= Beginning of Section =

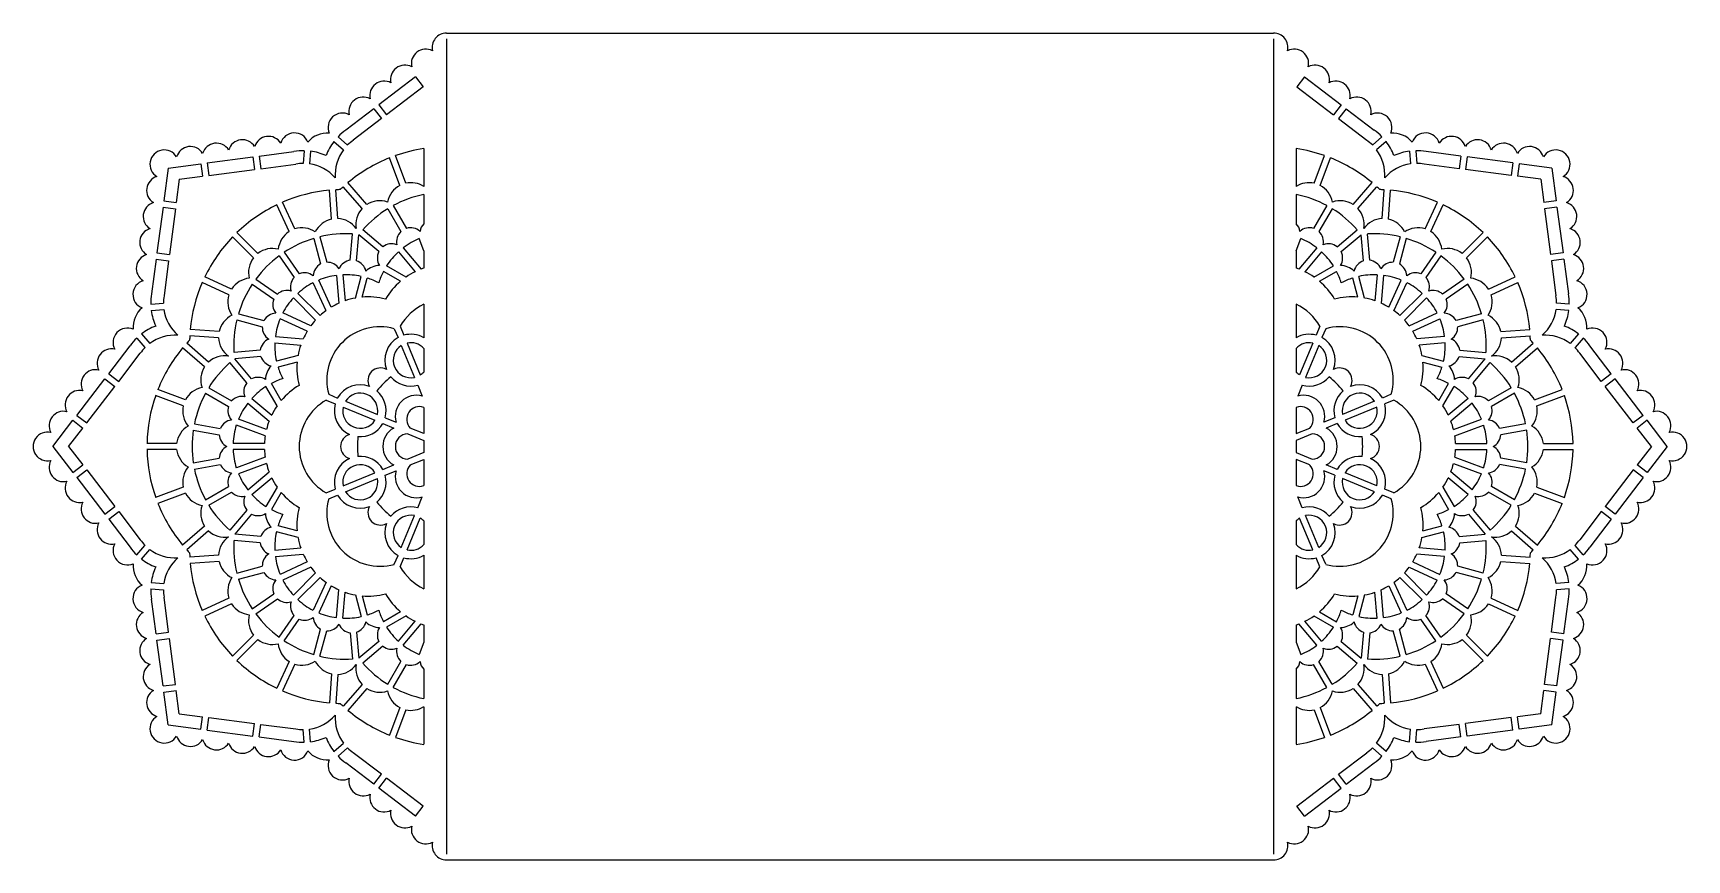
# Model space of a CAD drawing. Extents: x 41 to 331, y 42 to 187.
import ezdxf

# ---------------------------------------------------------------- set-up
doc = ezdxf.new("R2010")
doc.units = 0
doc.layers.get('0').update_dxf_attribs({"linetype": 'CONTINUOUS'})

msp = doc.modelspace()

# ---------------------------------------------------------------- linework, layer by layer
for p, q in [((113.1, 187.2), (258.1, 187.2)), ((113.1, 186.16), (113.1, 43.23)), ((258.1, 186.16), (258.1, 43.23)), ((107.63, 179.55), (101.21, 174.61)), ((108.98, 177.8), (102.55, 172.86)), ((107.63, 179.55), (108.98, 177.8)), ((263.56, 179.55), (262.21, 177.8)), ((262.21, 177.8), (268.64, 172.86)), ((263.56, 179.55), (269.98, 174.61)), ((101.21, 174.61), (102.55, 172.86)), ((269.98, 174.61), (268.64, 172.86)), ((100.33, 173.94), (95.45, 170.19)), ((101.68, 172.19), (96.75, 168.4)), ((100.33, 173.94), (101.68, 172.19)), ((270.86, 173.94), (269.51, 172.19)), ((269.51, 172.19), (274.44, 168.4)), ((270.86, 173.94), (275.74, 170.19)), ((94.08, 169.02), (95.75, 167.57)), ((277.11, 169.02), (275.44, 167.57)), ((71.1, 164.42), (79.13, 165.47)), ((79.13, 165.47), (79.42, 163.28)), ((80.23, 165.61), (86.34, 166.41)), ((80.23, 165.61), (80.52, 163.42)), ((88.13, 166.56), (87.97, 164.35)), ((89.23, 166.48), (89.08, 164.27)), ((93.35, 168.19), (95.02, 166.74)), ((104.93, 160.49), (103.12, 165.32)), ((105.96, 160.87), (104.16, 165.71)), ((109.1, 166.93), (109.1, 160.32)), ((262.1, 166.93), (262.1, 160.32)), ((265.23, 160.87), (267.03, 165.71)), ((266.26, 160.49), (268.07, 165.32)), ((277.84, 168.19), (276.17, 166.74)), ((281.96, 166.48), (282.12, 164.27)), ((283.06, 166.56), (283.22, 164.35)), ((290.96, 165.61), (284.85, 166.41)), ((290.96, 165.61), (290.67, 163.42)), ((292.06, 165.47), (291.77, 163.28)), ((300.09, 164.42), (292.06, 165.47)), ((64.27, 163.52), (63.52, 157.79)), ((64.27, 163.52), (70.01, 164.27)), ((70.01, 164.27), (70.29, 162.08)), ((71.1, 164.42), (71.39, 162.23)), ((71.39, 162.23), (79.42, 163.28)), ((80.52, 163.42), (86.68, 164.23)), ((290.67, 163.42), (284.51, 164.23)), ((299.8, 162.23), (291.77, 163.28)), ((300.09, 164.42), (299.8, 162.23)), ((301.18, 164.27), (300.9, 162.08)), ((306.92, 163.52), (301.18, 164.27)), ((306.92, 163.52), (307.67, 157.79)), ((66.24, 161.55), (65.71, 157.5)), ((66.24, 161.55), (70.29, 162.08)), ((92.95, 154.59), (92.6, 159.64)), ((94.05, 154.68), (93.7, 159.72)), ((98.29, 156.43), (94.98, 160.25)), ((99.13, 157.15), (95.81, 160.97)), ((272.06, 157.15), (275.38, 160.97)), ((272.9, 156.43), (276.21, 160.25)), ((277.14, 154.68), (277.49, 159.72)), ((278.24, 154.59), (278.59, 159.64)), ((304.95, 161.55), (300.9, 162.08)), ((304.95, 161.55), (305.48, 157.5)), ((63.38, 156.69), (62.32, 148.66)), ((63.38, 156.69), (65.57, 156.4)), ((63.52, 157.79), (65.71, 157.5)), ((85.49, 152.39), (83.35, 157.09)), ((86.49, 152.86), (84.35, 157.54)), ((103.75, 156.95), (106.06, 152.95)), ((109.1, 158.9), (109.1, 153.77)), ((262.1, 158.9), (262.1, 153.77)), ((267.44, 156.95), (265.13, 152.95)), ((284.7, 152.86), (286.84, 157.54)), ((285.7, 152.39), (287.84, 157.09)), ((307.67, 157.79), (305.48, 157.5)), ((307.81, 156.69), (305.62, 156.4)), ((307.81, 156.69), (308.87, 148.66)), ((65.57, 156.4), (64.51, 148.37)), ((102.8, 156.39), (105.11, 152.4)), ((268.39, 156.39), (266.08, 152.4)), ((305.62, 156.4), (306.68, 148.37)), ((79.24, 147.78), (75.57, 151.45)), ((80.02, 148.56), (76.35, 152.23)), ((89.83, 151.18), (91.02, 146.72)), ((90.89, 151.46), (92.09, 147)), ((96.21, 147.36), (96.62, 151.96)), ((97.31, 147.26), (97.71, 151.83)), ((101.23, 148.89), (97.71, 151.83)), ((101.93, 149.73), (98.4, 152.7)), ((109.1, 149.04), (108.32, 151.18)), ((262.1, 149.04), (262.87, 151.18)), ((269.26, 149.73), (272.79, 152.7)), ((269.96, 148.89), (273.48, 151.83)), ((273.88, 147.26), (273.48, 151.83)), ((274.98, 147.36), (274.57, 151.96)), ((280.3, 151.46), (279.1, 147)), ((281.36, 151.18), (280.17, 146.72)), ((291.17, 148.56), (294.84, 152.23)), ((291.95, 147.78), (295.63, 151.45)), ((62.32, 148.66), (64.51, 148.37)), ((83.73, 148.12), (86.37, 144.34)), ((84.63, 148.75), (87.28, 144.97)), ((104.67, 148.85), (107.6, 145.35)), ((105.51, 149.56), (108.66, 145.81)), ((109.1, 149.04), (109.1, 145.97)), ((262.1, 149.04), (262.1, 145.97)), ((265.68, 149.56), (262.53, 145.81)), ((266.52, 148.85), (263.59, 145.35)), ((286.56, 148.75), (283.91, 144.97)), ((287.46, 148.12), (284.82, 144.34)), ((308.87, 148.66), (306.68, 148.37)), ((62.18, 147.56), (61.38, 141.46)), ((62.18, 147.56), (64.37, 147.28)), ((64.37, 147.28), (63.57, 141.12)), ((105.04, 143.68), (102.03, 145.41)), ((105.99, 144.4), (102.58, 146.37)), ((265.2, 144.4), (268.61, 146.37)), ((266.15, 143.68), (269.16, 145.41)), ((309.01, 147.56), (306.82, 147.28)), ((306.82, 147.28), (307.63, 141.12)), ((309.01, 147.56), (309.81, 141.46)), ((74.94, 141.3), (70.25, 143.44)), ((75.41, 142.3), (70.71, 144.45)), ((79.04, 143.16), (82.82, 140.51)), ((79.67, 144.07), (83.45, 141.42)), ((91.96, 138.51), (89.68, 143.41)), ((92.89, 139.13), (90.68, 143.87)), ((93.81, 144.71), (94.23, 139.84)), ((94.91, 144.81), (95.3, 140.26)), ((97.12, 140.73), (98.13, 144.53)), ((98.3, 140.88), (99.2, 144.24)), ((272.89, 140.88), (271.99, 144.24)), ((274.08, 140.73), (273.06, 144.53)), ((276.28, 144.81), (275.89, 140.26)), ((277.38, 144.71), (276.96, 139.84)), ((278.3, 139.13), (280.51, 143.87)), ((279.23, 138.51), (281.51, 143.41)), ((291.52, 144.07), (287.74, 141.42)), ((292.15, 143.16), (288.37, 140.51)), ((295.79, 142.3), (300.48, 144.45)), ((296.25, 141.3), (300.94, 143.44)), ((61.23, 139.67), (63.44, 139.82)), ((90.14, 136.88), (86.24, 140.77)), ((90.92, 137.66), (87.03, 141.55)), ((109.1, 139.63), (109.1, 133.77)), ((262.1, 139.63), (262.1, 133.77)), ((280.27, 137.66), (284.17, 141.55)), ((281.05, 136.88), (284.95, 140.77)), ((309.96, 139.67), (307.75, 139.82)), ((61.31, 138.56), (63.52, 138.72)), ((76.33, 136.9), (80.79, 135.71)), ((76.62, 137.97), (81.08, 136.77)), ((88.66, 134.9), (83.92, 137.11)), ((89.28, 135.83), (84.39, 138.12)), ((281.91, 135.83), (286.8, 138.12)), ((282.53, 134.9), (287.27, 137.11)), ((294.57, 137.97), (290.11, 136.77)), ((294.86, 136.9), (290.4, 135.71)), ((309.88, 138.56), (307.67, 138.72)), ((58.77, 133.71), (60.22, 132.04)), ((59.6, 134.44), (61.06, 132.77)), ((73.11, 133.74), (68.07, 134.1)), ((73.21, 134.84), (68.15, 135.2)), ((83.08, 133.99), (87.96, 133.56)), ((103.94, 135.36), (104.59, 133.79)), ((104.96, 135.78), (105.61, 134.21)), ((266.23, 135.78), (265.58, 134.21)), ((267.25, 135.36), (266.6, 133.79)), ((288.11, 133.99), (283.23, 133.56)), ((297.98, 134.84), (303.04, 135.2)), ((298.08, 133.74), (303.12, 134.1)), ((311.59, 134.44), (310.14, 132.77)), ((312.42, 133.71), (310.97, 132.04)), ((53.85, 127.46), (57.61, 132.35)), ((55.61, 126.11), (59.39, 131.04)), ((70.65, 128.66), (66.82, 131.98)), ((71.36, 129.51), (67.55, 132.82)), ((80.43, 131.58), (75.83, 131.18)), ((82.99, 132.89), (87.53, 132.49)), ((87.06, 130.68), (83.27, 129.66)), ((105.16, 132.41), (107.48, 126.82)), ((106.18, 132.84), (108.5, 127.24)), ((109.1, 131.91), (109.1, 127.75)), ((262.1, 131.91), (262.1, 127.75)), ((265.01, 132.84), (262.69, 127.24)), ((266.03, 132.41), (263.71, 126.82)), ((288.2, 132.89), (283.66, 132.49)), ((284.13, 130.68), (287.92, 129.66)), ((290.76, 131.58), (295.36, 131.18)), ((299.83, 129.51), (303.65, 132.82)), ((300.54, 128.66), (304.37, 131.98)), ((315.58, 126.11), (311.8, 131.04)), ((317.34, 127.46), (313.58, 132.35)), ((78.06, 125.86), (75.09, 129.4)), ((80.53, 130.48), (75.96, 130.08)), ((78.91, 126.56), (75.96, 130.08)), ((86.91, 129.49), (83.55, 128.59)), ((284.28, 129.49), (287.64, 128.59)), ((290.66, 130.48), (295.23, 130.08)), ((292.28, 126.56), (295.23, 130.08)), ((293.13, 125.86), (296.1, 129.4)), ((48.24, 120.16), (53.18, 126.58)), ((50, 118.82), (54.93, 125.24)), ((53.18, 126.58), (54.93, 125.24)), ((53.85, 127.46), (55.61, 126.11)), ((71.4, 125), (75.4, 122.69)), ((83.39, 121.81), (81.42, 125.21)), ((84.12, 122.75), (82.38, 125.76)), ((108.05, 125.45), (108.84, 123.54)), ((263.14, 125.45), (262.35, 123.54)), ((287.07, 122.75), (288.81, 125.76)), ((287.8, 121.81), (289.77, 125.21)), ((299.79, 125), (295.79, 122.69)), ((317.34, 127.46), (315.58, 126.11)), ((318.01, 126.58), (316.26, 125.24)), ((321.19, 118.82), (316.26, 125.24)), ((322.95, 120.16), (318.01, 126.58)), ((66.92, 121.83), (62.09, 123.64)), ((67.3, 122.87), (62.47, 124.67)), ((70.85, 124.04), (74.85, 121.73)), ((78.23, 122.28), (81.98, 119.14)), ((78.94, 123.13), (82.44, 120.19)), ((92.01, 122.83), (93.58, 122.18)), ((92.44, 123.85), (94, 123.2)), ((95.38, 122.63), (100.97, 120.32)), ((275.81, 122.63), (270.22, 120.32)), ((278.75, 123.85), (277.19, 123.2)), ((279.18, 122.83), (277.61, 122.18)), ((292.25, 123.13), (288.75, 120.19)), ((292.96, 122.28), (289.21, 119.14)), ((300.34, 124.04), (296.34, 121.73)), ((303.89, 122.87), (308.72, 124.67)), ((304.27, 121.83), (309.1, 123.64)), ((44.05, 114.7), (47.57, 119.29)), ((47.57, 119.29), (49.32, 117.94)), ((48.24, 120.16), (50, 118.82)), ((81.53, 117.69), (76.61, 119.48)), ((94.96, 121.61), (100.55, 119.3)), ((102.35, 119.75), (104.26, 118.96)), ((109.1, 121.56), (109.1, 116.95)), ((262.1, 121.56), (262.1, 116.95)), ((268.84, 119.75), (266.94, 118.96)), ((276.23, 121.61), (270.64, 119.3)), ((289.66, 117.69), (294.58, 119.48)), ((322.95, 120.16), (321.19, 118.82)), ((323.62, 119.29), (321.87, 117.94)), ((327.14, 114.7), (323.62, 119.29)), ((46.83, 114.7), (49.32, 117.94)), ((68.69, 117.56), (73.24, 116.76)), ((68.89, 118.65), (73.43, 117.85)), ((81.31, 116.59), (76.24, 118.44)), ((101.92, 118.73), (103.83, 117.94)), ((106.29, 116.92), (109.1, 115.76)), ((109.1, 116.95), (106.71, 117.94)), ((262.1, 116.95), (264.48, 117.94)), ((264.9, 116.92), (262.1, 115.76)), ((269.27, 118.73), (267.36, 117.94)), ((289.88, 116.59), (294.95, 118.44)), ((302.3, 118.65), (297.76, 117.85)), ((302.5, 117.56), (297.95, 116.76)), ((324.36, 114.7), (321.87, 117.94)), ((44.05, 114.7), (47.57, 110.11)), ((46.83, 114.7), (49.32, 111.46)), ((65.76, 115.25), (60.57, 115.25)), ((65.76, 114.15), (60.57, 114.15)), ((81.18, 115.25), (75.67, 115.25)), ((81.18, 114.15), (75.67, 114.15)), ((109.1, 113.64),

= End of Section =

PROBLEM DESCRIPTION: Repeat only the lines between the top of the entries above and the line containing "layer by layer", both ends included, without the pictures.

RESULT OF THIS TASK:
# Model space of a CAD drawing. Extents: x 41 to 331, y 42 to 187.
import ezdxf

# ---------------------------------------------------------------- set-up
doc = ezdxf.new("R2010")
doc.units = 0
doc.layers.get('0').update_dxf_attribs({"linetype": 'CONTINUOUS'})

msp = doc.modelspace()

# ---------------------------------------------------------------- linework, layer by layer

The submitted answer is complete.